I was thinking i probably need to replace the whole driveway as well but cant afford the cost this year. I was also considering cutting the edges and then building up with cold patch. Im just questioning if it is even worth the effort. I am probably just better off saving my pennies for a new driveway.

What does "keyed" edges mean? Is it just adding thicker material on the edges, or did it mean something else?

Thanks again.


----------



## Ron6519 (Mar 28, 2007)

chsitko said:


> Hi Ron, thanks for the input.
> 
> There is standing water there because i rinsed the area i cut to get a good idea of where the base was ( a minute before taking the picture).
> 
> ...


A keyed edge is a thickened edge. It stableizes the asphalt and keeps it from curling or separating. You can also install an edging like cobblestones or brick so the asphalt edge has support.


----------



## Bondo (Dec 8, 2007)

> I was also considering cutting the edges and then building up with cold patch. Im just questioning if it is even worth the effort. I am probably just better off saving my pennies for a new driveway.

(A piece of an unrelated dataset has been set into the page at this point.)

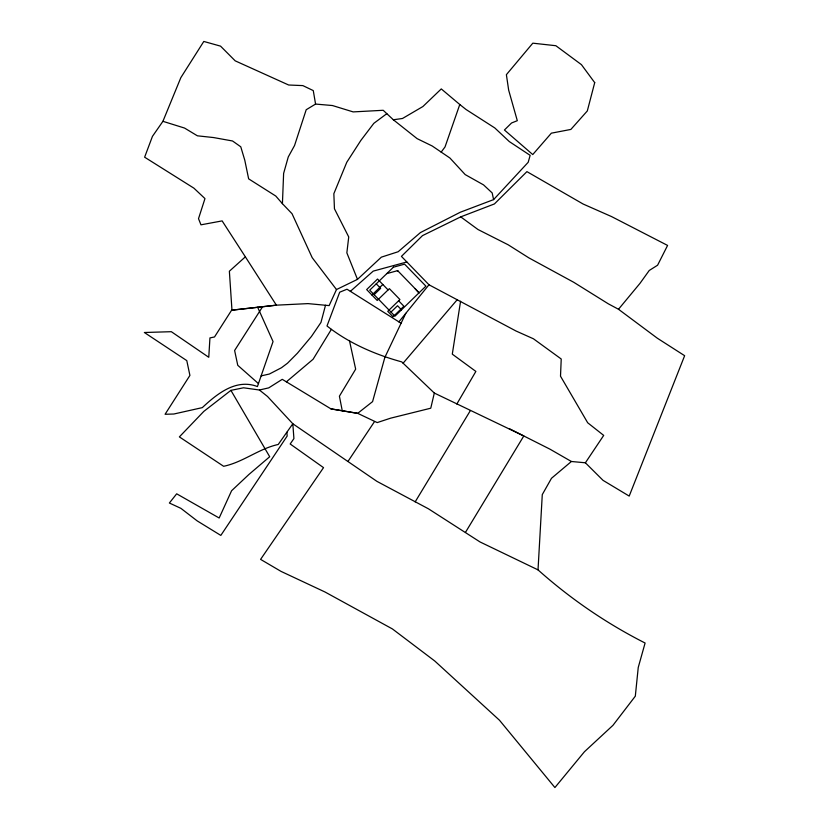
<?xml version="1.0" encoding="UTF-8"?>
<svg xmlns="http://www.w3.org/2000/svg" width="829" height="829" viewBox="0 0 829 829"><rect width="100%" height="100%" fill="white"/><g stroke="black" fill="none" stroke-linecap="round" stroke-linejoin="round"><path stroke-width="1.24" d="M336.481 289.549L312.191 257.664L292.046 213.727L282.42 203.675L283.622 173.406L288.274 156.93L294.544 145.531L306.202 109.739L315.569 104.071L332.429 105.532L353.164 111.905L383.205 110.288L393.34 119.77L417.111 138.64L432.189 145.987L449.929 158.028L465.183 174.587L483.545 184.888L492.177 192.929L493.597 199.613L460.282 212.245L420.427 232.576L398.158 251.736L381.35 257.156L357.486 279.363L336.481 289.549L329.134 305.6L307.973 303.611L276.378 305.165L231.965 310.17L229.374 271.228L245.363 256.835L222.131 220.897L200.97 224.825L198.514 218.659L204.97 198.587L193.903 188.162L144.629 157.199L152.443 136.37L162.919 121.324L180.836 77.657L203.799 41.45L220.545 46.134L235.187 60.838L288.647 85.004L302.844 85.605L313.269 90.589L315.569 104.071M538.021 569.875L480.043 541.959L428.479 508.83L376.926 481.359L292.824 423.764L278.233 444.468C258.752 448.717 243.094 462.24 223.633 466.292L179.375 436.893L203.851 411.36L230.918 390.366L243.519 387.785L259.404 390.013L267.508 396.469L292.824 423.764L293.912 438.603L290.181 443.992L323.528 467.639L260.586 559.378L281.031 571.388L325.02 592.01L392.418 628.942L434.779 661.014L499.483 720.235L554.912 787.55L584.435 751.748L612.963 725.323L635.315 696.173L638.247 667.449L645.097 643.024C606.341 623.356 570.518 598.849 538.021 569.875L542.28 494.602L551.482 478.292L571.399 461.494L585.388 462.789L603.066 480.374L629.201 496.084L684.64 355.703L657.335 338.211L618.496 309.269L608.289 303.808L573.699 282.264L528.871 257.871L508.208 244.814L477.991 229.519L460.727 216.866L422.489 235.623L401.433 256.379L428.976 284.772L515.99 330.999L533.441 338.792L561.223 358.998L560.508 376.2L587.688 422.769L603.699 435.401L585.388 462.789M460.572 301.259L452.292 354.149L475.867 371.423L456.82 404.044M401.081 323.248L347.009 289.217L339.703 292.202L326.999 325.973C348.698 343.133 375.143 354.605 401.723 361.879L434.313 393.05L430.769 408.2L390.646 418.168L377.205 422.583L357.703 413.339L330.968 408.884L282.254 379.33L268.751 387.868L259.404 390.013M325.507 305.269L320.968 322.429L311.424 336.481L297.393 353.237L287.508 363.206L281.445 367.755L269.373 374.024L261.114 375.9M393.34 119.77L402.49 118.485L422.894 106.537L441.277 88.921L459.784 104.506L445.028 146.94L441.142 152.153M405.785 313.341L384.863 357.361L372.573 401.63L357.703 413.339L330.968 408.884M415.163 501.877L470.385 410.562M465.452 532.394L523.804 435.961L434.313 393.05M331.372 329.362L313.093 359.258L286.378 381.837M245.363 256.835L276.378 305.165L262.586 306.74L234.617 350.48L237.757 365.299L258.441 383.589M348.066 461.297L374.428 421.702M398.873 321.87L428.976 284.772M618.496 309.269L639.978 283.363L649.242 270.472L657.594 265.207L667.583 245.425L611.615 216.607L583.108 204.017L526.923 171.634L494.405 203.944L460.727 216.866M403.101 363.195L457.328 299.57M493.597 199.613L528.197 162.287L530.145 155.344L509.296 141.572L494.789 127.935L466.053 109.501L459.784 104.506M371.941 295.02L382.811 284.482M374.117 294.678L380.656 288.337L376.262 283.819M398.262 271.27L397.34 270.731M390.987 312.077L397.526 305.735L401.495 309.828M415.122 288.668L418.894 292.958M350.366 291.331L373.226 271.114L406.852 261.964M386.811 113.677L373.827 123.334L360.822 140.464L346.781 162.266L333.849 193.706L334.45 208.794L348.729 236.939L346.854 252.855L357.486 279.363M386.791 273.601L397.651 270.648L419.101 292.761M257.674 307.3L273.052 341.569L257.415 386.552C236.058 378.335 217.001 393.899 202.297 407.63L173.852 414.013L165.075 414.282L189.914 375.423L186.784 360.605L144.36 332.502L171.334 331.693L208.763 357.289L209.944 337.921L214.514 336.957L231.623 310.181L262.586 306.74M162.919 121.324L184.546 128.06L197.385 135.811L213.592 137.562L232.545 140.982L240.773 146.806L244.783 160.204L248.648 178.857L275.788 196.048L282.42 203.675M509.161 428.583L549.99 449.183L571.399 461.494M388.086 289.912L377.537 279.041L366.667 289.59L377.205 300.461L389.381 288.658L399.92 299.528L387.754 311.331L393.029 316.771L403.899 306.222L398.625 300.792M230.918 390.366L269.705 456.738L248.949 474.437L231.592 490.737L219.167 518.001L176.681 493.815L169.375 503.016L180.888 508.343L197.157 520.871L220.825 535.41L287.166 436.054L286.907 432.272M349.423 340.46L355.662 369.143L339.413 396.179L342.253 410.749M594.714 82.641L587.315 110.941L570.87 129.428L551.358 133.168L532.746 154.567L504.426 129.998L511.576 122.972L517.306 120.692L508.664 90.133L506.384 74.672L532.809 43.17L555.865 45.719L581.44 64.652L594.714 82.641M393.412 267.197L369.734 290.15L394.956 316.17L425.909 286.15L404.573 264.15L393.412 267.197"/></g></svg>

Ayuh,... That'll be a wasted effort,...

Call around for a few estimates from local Blacktoppers...
When they look it over, they can advise ya on whether to dig it out, 'n replace it,...
Or, possibly T&L'ing it, 'n capping it with another layer...
I imagine grade, 'n drainage will determine that...


----------



## chsitko (Aug 27, 2010)

I'll give a local guy a call, but on average how much of a savings can i expect by adding a new layer over the existing layer instead of a complete redo?

What's T&L'ing?


----------



## Ron6519 (Mar 28, 2007)

chsitko said:


> I'll give a local guy a call, but on average how much of a savings can i expect by adding a new layer over the existing layer instead of a complete redo?
> 
> What's T&L'ing?


Just playing the Devil's Advocate here, but what stops the new layer from expanding and cracking because there's no edge support?


----------



## PeterRegent (Feb 23, 2010)

A new layer is likely to suffer the same problem, looks to me like the edges are not being very well supported and are sinking. As suggested above, either lining with kerbstones or digging up and relaying the tarmac are the best options, however its not the cheapest option. Patching up with cold lay tarmac would be a waste of time and would probably make it look worse.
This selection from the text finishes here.